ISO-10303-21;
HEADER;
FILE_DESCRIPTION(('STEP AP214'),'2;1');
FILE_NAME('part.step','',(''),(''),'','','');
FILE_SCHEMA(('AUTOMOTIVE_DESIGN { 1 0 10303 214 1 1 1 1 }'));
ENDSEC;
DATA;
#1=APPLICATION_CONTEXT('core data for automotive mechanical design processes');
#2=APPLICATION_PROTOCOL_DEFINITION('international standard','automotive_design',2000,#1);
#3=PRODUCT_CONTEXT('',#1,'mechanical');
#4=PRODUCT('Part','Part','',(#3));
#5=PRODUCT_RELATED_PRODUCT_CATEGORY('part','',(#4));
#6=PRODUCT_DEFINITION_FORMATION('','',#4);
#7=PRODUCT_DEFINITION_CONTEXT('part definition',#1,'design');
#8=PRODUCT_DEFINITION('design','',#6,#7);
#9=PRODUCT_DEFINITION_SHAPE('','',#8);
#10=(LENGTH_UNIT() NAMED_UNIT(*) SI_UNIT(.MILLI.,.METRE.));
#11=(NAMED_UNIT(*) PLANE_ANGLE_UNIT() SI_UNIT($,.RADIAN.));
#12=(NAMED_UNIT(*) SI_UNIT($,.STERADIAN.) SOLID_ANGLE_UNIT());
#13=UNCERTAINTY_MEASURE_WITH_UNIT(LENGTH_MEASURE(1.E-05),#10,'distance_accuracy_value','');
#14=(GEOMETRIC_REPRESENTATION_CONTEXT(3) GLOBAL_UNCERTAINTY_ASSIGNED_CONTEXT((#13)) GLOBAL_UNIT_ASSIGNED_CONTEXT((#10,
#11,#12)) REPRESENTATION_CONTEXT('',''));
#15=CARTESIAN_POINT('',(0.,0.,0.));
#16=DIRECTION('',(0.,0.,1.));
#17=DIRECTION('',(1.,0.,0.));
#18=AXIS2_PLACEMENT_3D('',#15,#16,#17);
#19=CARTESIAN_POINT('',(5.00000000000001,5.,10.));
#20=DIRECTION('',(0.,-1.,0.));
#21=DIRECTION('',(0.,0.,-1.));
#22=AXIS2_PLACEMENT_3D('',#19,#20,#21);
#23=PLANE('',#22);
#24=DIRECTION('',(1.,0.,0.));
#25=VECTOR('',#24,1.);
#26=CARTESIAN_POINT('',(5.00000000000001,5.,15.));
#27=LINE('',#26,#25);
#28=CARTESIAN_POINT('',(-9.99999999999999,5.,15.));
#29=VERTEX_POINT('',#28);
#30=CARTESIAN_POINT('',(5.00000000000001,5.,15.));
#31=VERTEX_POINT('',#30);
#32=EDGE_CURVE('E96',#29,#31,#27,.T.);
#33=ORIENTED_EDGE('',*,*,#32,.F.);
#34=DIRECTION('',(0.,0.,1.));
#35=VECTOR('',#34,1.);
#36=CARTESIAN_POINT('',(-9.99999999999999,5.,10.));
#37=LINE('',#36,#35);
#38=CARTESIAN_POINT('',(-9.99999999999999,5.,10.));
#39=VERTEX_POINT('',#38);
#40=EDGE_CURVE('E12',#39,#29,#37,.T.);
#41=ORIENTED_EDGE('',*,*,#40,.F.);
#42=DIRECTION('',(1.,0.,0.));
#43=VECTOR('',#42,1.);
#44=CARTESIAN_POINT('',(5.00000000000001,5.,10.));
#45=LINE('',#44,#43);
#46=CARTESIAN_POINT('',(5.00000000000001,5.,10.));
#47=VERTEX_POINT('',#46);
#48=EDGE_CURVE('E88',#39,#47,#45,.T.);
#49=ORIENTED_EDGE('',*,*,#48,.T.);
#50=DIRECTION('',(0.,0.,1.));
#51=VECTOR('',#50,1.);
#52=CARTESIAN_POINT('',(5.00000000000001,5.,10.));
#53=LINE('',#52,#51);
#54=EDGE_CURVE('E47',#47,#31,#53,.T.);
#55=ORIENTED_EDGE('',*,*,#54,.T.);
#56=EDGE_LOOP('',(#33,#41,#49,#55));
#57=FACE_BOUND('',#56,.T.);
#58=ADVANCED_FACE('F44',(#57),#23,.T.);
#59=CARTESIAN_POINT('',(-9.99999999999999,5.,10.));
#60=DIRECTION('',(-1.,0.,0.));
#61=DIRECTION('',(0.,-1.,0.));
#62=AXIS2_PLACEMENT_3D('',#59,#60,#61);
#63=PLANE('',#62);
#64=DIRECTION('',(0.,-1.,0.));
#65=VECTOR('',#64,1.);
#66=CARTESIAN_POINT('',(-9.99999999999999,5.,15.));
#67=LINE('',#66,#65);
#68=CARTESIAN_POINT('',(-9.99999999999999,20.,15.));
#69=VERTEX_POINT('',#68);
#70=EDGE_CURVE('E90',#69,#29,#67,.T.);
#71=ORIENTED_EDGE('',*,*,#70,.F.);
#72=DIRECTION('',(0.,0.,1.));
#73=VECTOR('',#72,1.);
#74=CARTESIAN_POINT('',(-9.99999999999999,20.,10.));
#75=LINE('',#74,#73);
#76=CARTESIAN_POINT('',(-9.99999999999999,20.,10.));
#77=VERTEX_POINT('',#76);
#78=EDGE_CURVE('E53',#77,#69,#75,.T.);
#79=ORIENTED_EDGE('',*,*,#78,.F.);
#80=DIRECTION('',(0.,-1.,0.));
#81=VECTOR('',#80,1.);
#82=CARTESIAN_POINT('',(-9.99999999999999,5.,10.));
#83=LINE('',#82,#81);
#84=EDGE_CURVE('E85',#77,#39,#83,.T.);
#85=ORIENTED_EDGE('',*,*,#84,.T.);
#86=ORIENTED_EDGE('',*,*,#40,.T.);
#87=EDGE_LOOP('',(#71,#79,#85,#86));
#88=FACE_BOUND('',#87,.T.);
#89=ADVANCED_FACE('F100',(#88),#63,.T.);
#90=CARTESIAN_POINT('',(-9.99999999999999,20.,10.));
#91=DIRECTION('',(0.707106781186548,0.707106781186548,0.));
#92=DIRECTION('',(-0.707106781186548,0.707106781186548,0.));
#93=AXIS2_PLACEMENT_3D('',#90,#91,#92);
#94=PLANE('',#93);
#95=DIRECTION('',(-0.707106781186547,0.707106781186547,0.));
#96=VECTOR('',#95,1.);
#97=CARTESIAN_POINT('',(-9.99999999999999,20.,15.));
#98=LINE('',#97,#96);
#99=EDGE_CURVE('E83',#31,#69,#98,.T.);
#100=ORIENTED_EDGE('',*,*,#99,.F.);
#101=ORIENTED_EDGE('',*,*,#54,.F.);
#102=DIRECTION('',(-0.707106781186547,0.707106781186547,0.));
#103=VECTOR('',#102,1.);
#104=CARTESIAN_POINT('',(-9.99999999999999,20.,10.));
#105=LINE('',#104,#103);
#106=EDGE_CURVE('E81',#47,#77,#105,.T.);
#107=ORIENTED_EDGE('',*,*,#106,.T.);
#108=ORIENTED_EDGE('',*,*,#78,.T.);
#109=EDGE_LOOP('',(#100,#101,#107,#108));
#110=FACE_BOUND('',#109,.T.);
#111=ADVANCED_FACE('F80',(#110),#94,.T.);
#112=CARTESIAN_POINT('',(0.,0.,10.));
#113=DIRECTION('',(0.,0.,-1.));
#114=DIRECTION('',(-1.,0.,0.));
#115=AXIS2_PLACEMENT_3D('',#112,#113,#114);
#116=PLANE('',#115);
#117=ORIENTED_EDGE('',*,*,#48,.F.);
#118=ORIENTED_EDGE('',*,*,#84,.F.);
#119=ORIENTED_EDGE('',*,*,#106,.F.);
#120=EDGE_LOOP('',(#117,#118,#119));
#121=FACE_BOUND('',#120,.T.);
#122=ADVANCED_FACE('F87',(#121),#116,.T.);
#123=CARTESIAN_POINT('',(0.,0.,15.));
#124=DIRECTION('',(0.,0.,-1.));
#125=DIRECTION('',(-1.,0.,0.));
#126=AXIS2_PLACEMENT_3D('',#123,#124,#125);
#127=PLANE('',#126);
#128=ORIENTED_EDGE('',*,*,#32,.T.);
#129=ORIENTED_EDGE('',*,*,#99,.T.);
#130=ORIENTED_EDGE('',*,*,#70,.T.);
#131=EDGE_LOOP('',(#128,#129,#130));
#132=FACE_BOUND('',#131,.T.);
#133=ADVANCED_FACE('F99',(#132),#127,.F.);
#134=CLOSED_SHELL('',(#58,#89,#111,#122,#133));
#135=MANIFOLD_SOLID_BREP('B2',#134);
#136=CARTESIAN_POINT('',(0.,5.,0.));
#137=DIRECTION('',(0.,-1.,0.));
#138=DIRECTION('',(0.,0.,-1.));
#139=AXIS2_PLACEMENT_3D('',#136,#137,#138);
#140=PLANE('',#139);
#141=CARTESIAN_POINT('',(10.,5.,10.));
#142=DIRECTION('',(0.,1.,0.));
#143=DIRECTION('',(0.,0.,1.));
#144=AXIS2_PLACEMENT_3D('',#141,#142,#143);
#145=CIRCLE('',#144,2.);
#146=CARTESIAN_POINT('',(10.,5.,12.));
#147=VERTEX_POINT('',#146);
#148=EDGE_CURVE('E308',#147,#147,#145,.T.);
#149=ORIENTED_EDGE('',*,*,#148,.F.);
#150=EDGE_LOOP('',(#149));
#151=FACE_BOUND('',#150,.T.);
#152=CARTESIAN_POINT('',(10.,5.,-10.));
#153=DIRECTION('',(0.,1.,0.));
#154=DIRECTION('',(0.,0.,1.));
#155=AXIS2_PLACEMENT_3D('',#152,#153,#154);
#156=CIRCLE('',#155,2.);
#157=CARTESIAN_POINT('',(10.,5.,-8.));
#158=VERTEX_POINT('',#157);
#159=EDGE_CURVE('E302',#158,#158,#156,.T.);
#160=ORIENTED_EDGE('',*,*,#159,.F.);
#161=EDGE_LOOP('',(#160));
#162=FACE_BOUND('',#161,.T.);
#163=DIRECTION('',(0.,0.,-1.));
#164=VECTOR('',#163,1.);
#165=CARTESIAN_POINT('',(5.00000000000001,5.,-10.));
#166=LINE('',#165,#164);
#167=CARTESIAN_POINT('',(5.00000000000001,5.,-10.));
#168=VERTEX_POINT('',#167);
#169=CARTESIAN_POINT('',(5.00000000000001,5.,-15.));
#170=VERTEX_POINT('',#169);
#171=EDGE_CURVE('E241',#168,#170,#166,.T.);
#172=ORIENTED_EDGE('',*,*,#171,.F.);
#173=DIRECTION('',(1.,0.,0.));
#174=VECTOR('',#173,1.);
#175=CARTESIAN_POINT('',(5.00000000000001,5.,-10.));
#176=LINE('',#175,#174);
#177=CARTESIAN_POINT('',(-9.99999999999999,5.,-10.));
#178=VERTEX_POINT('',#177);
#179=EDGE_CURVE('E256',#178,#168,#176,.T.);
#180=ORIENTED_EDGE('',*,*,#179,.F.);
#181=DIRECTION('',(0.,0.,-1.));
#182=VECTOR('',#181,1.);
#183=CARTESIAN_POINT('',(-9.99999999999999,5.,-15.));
◆ ◆ ◆ ◆ ◆ ◆ ◆
▶ [WHAT YOU WILL DO]: From the listing above, return the lines starting at the one with "#68=CARTESIAN_POINT('',(-9.99999999999999,20.,15.));" and ending at the one with "#105=LINE('',#104,#103);", both kept, exactly as they appear and nothing more.

▶ [WRITTEN REPLY]:
#68=CARTESIAN_POINT('',(-9.99999999999999,20.,15.));
#69=VERTEX_POINT('',#68);
#70=EDGE_CURVE('E90',#69,#29,#67,.T.);
#71=ORIENTED_EDGE('',*,*,#70,.F.);
#72=DIRECTION('',(0.,0.,1.));
#73=VECTOR('',#72,1.);
#74=CARTESIAN_POINT('',(-9.99999999999999,20.,10.));
#75=LINE('',#74,#73);
#76=CARTESIAN_POINT('',(-9.99999999999999,20.,10.));
#77=VERTEX_POINT('',#76);
#78=EDGE_CURVE('E53',#77,#69,#75,.T.);
#79=ORIENTED_EDGE('',*,*,#78,.F.);
#80=DIRECTION('',(0.,-1.,0.));
#81=VECTOR('',#80,1.);
#82=CARTESIAN_POINT('',(-9.99999999999999,5.,10.));
#83=LINE('',#82,#81);
#84=EDGE_CURVE('E85',#77,#39,#83,.T.);
#85=ORIENTED_EDGE('',*,*,#84,.T.);
#86=ORIENTED_EDGE('',*,*,#40,.T.);
#87=EDGE_LOOP('',(#71,#79,#85,#86));
#88=FACE_BOUND('',#87,.T.);
#89=ADVANCED_FACE('F100',(#88),#63,.T.);
#90=CARTESIAN_POINT('',(-9.99999999999999,20.,10.));
#91=DIRECTION('',(0.707106781186548,0.707106781186548,0.));
#92=DIRECTION('',(-0.707106781186548,0.707106781186548,0.));
#93=AXIS2_PLACEMENT_3D('',#90,#91,#92);
#94=PLANE('',#93);
#95=DIRECTION('',(-0.707106781186547,0.707106781186547,0.));
#96=VECTOR('',#95,1.);
#97=CARTESIAN_POINT('',(-9.99999999999999,20.,15.));
#98=LINE('',#97,#96);
#99=EDGE_CURVE('E83',#31,#69,#98,.T.);
#100=ORIENTED_EDGE('',*,*,#99,.F.);
#101=ORIENTED_EDGE('',*,*,#54,.F.);
#102=DIRECTION('',(-0.707106781186547,0.707106781186547,0.));
#103=VECTOR('',#102,1.);
#104=CARTESIAN_POINT('',(-9.99999999999999,20.,10.));
#105=LINE('',#104,#103);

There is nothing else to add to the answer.